YOUR ASSIGNMENT
Set out exactly every line of the entries below, starting at the line that holds "- added R1: 10K, symbol Device:R" and stopping after the line that holds "- added U3: TMP235A2DCKR, TMP235A2DCKR:SOT65P210X110-5N, symbol".

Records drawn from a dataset
■ ■ ■

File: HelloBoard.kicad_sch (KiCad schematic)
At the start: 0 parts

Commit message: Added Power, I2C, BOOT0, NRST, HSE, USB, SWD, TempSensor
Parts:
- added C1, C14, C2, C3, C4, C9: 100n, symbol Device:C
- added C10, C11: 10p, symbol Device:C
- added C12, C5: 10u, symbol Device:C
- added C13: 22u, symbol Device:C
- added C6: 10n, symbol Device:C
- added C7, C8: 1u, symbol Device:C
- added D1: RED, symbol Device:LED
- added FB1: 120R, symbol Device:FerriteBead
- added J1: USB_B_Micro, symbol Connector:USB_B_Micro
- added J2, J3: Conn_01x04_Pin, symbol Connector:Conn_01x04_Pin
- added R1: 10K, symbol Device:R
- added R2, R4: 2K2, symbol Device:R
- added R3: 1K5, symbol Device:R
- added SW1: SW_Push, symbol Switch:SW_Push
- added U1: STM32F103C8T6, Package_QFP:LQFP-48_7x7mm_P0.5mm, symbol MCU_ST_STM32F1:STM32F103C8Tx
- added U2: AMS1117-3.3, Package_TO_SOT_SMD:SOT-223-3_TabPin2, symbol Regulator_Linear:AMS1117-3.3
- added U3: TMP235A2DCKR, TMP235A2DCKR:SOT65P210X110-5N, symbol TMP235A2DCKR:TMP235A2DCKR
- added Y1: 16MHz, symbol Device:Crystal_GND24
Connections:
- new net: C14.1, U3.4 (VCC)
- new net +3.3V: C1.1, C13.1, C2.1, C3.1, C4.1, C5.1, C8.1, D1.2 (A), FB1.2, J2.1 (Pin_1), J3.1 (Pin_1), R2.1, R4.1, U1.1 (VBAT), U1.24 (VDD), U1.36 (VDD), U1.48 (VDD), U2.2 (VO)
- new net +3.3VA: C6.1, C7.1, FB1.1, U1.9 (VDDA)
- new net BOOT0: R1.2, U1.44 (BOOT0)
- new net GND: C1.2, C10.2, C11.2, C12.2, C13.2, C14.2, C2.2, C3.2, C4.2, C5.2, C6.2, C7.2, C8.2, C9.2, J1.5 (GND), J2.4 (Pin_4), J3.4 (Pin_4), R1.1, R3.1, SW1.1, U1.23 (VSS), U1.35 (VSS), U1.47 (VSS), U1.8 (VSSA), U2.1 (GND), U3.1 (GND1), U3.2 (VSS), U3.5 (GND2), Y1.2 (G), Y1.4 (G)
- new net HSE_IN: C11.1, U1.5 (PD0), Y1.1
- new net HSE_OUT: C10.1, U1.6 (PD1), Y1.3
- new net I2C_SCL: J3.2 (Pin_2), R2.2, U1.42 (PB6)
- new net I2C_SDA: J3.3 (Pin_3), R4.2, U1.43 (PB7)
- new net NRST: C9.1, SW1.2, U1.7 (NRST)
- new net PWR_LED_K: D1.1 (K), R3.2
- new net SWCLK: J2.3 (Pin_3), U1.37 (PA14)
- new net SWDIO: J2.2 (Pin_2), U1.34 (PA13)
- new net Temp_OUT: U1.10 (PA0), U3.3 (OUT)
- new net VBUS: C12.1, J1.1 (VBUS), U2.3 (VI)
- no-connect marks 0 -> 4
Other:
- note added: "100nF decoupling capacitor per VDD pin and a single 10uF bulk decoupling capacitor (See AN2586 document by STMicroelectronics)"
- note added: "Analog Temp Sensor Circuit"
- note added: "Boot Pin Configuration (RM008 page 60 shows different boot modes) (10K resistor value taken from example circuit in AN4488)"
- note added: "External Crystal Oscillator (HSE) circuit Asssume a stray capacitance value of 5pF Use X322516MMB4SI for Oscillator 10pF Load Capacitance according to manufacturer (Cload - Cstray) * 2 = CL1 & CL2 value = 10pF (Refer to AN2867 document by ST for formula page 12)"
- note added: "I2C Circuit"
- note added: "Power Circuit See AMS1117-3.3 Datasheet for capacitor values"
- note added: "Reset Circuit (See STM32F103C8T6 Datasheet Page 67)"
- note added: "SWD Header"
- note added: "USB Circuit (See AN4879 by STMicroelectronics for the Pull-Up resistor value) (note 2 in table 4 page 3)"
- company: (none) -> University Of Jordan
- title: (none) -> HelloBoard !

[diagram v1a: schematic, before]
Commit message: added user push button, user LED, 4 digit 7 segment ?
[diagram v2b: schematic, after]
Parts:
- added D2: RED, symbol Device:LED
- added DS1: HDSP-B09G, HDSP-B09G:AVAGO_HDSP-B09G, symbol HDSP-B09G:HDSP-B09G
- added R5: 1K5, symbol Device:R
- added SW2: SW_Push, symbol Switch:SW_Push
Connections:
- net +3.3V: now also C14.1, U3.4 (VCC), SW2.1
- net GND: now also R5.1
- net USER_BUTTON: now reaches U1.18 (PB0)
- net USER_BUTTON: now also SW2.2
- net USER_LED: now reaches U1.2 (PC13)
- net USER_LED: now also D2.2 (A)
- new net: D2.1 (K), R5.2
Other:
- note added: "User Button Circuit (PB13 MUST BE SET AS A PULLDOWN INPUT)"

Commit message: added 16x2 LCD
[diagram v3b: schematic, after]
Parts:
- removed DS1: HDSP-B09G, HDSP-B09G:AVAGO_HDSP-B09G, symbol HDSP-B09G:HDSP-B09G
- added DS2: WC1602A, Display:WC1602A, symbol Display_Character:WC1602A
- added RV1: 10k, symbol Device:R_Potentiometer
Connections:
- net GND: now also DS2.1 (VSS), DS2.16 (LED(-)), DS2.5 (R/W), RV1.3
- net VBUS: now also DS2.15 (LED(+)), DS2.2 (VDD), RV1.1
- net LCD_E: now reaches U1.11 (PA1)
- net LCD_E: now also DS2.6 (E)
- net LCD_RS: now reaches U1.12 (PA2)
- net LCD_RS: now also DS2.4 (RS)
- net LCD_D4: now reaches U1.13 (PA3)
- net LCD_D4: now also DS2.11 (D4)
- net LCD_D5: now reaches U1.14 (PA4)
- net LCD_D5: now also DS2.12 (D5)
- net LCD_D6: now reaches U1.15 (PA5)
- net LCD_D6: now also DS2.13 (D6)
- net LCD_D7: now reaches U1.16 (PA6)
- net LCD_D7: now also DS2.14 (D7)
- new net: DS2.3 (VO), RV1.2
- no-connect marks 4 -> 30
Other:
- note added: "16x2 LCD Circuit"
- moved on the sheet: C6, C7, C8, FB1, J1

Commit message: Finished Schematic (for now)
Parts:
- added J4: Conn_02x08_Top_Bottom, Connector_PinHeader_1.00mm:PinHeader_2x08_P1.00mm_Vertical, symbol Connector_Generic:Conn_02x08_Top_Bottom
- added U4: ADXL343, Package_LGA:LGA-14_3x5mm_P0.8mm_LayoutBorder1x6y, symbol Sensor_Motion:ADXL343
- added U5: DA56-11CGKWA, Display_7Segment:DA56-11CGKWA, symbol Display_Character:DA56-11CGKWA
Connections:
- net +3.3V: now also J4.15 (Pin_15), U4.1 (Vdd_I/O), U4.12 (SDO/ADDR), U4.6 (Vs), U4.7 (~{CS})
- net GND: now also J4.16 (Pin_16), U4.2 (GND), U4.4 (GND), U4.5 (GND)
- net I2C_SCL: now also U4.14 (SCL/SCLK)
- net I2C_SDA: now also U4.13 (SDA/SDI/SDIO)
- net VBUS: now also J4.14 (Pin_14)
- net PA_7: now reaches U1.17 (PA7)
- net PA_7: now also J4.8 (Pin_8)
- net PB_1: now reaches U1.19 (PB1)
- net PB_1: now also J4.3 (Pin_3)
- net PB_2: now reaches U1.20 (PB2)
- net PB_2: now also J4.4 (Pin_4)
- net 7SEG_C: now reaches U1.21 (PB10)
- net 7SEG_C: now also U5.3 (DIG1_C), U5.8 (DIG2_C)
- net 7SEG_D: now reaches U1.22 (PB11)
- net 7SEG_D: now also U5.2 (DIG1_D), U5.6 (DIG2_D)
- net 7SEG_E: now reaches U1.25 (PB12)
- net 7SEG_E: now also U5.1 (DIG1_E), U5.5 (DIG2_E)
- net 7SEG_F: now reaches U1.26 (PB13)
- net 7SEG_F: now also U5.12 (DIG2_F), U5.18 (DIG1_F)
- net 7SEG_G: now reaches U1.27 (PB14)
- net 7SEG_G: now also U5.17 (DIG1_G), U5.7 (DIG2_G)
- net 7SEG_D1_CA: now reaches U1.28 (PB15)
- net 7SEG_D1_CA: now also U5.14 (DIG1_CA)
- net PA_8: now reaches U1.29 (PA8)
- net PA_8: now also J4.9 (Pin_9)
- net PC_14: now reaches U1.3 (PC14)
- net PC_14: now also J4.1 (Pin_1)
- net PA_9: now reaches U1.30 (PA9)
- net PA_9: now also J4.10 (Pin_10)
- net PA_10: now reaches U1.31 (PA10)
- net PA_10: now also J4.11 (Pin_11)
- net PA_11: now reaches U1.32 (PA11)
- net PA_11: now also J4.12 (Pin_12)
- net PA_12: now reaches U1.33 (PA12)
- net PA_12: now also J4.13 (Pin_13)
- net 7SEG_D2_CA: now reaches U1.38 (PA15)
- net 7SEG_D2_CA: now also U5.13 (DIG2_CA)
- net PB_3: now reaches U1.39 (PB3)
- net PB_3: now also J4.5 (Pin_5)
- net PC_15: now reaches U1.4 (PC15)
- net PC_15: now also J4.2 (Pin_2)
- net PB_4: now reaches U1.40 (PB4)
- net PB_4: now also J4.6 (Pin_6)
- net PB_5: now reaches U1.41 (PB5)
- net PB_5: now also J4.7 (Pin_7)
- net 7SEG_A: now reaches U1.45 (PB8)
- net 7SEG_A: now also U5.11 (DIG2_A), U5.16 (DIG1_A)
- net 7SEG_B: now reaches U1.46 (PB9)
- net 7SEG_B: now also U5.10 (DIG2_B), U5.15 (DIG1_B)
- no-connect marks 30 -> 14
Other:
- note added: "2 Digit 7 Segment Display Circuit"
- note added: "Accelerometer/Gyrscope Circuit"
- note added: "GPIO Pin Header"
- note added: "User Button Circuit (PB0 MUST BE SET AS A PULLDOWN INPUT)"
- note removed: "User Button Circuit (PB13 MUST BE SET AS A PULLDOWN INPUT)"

■ ■ ■

RESULT FOR THIS TASK
- added R1: 10K, symbol Device:R
- added R2, R4: 2K2, symbol Device:R
- added R3: 1K5, symbol Device:R
- added SW1: SW_Push, symbol Switch:SW_Push
- added U1: STM32F103C8T6, Package_QFP:LQFP-48_7x7mm_P0.5mm, symbol MCU_ST_STM32F1:STM32F103C8Tx
- added U2: AMS1117-3.3, Package_TO_SOT_SMD:SOT-223-3_TabPin2, symbol Regulator_Linear:AMS1117-3.3
- added U3: TMP235A2DCKR, TMP235A2DCKR:SOT65P210X110-5N, symbol TMP235A2DCKR:TMP235A2DCKR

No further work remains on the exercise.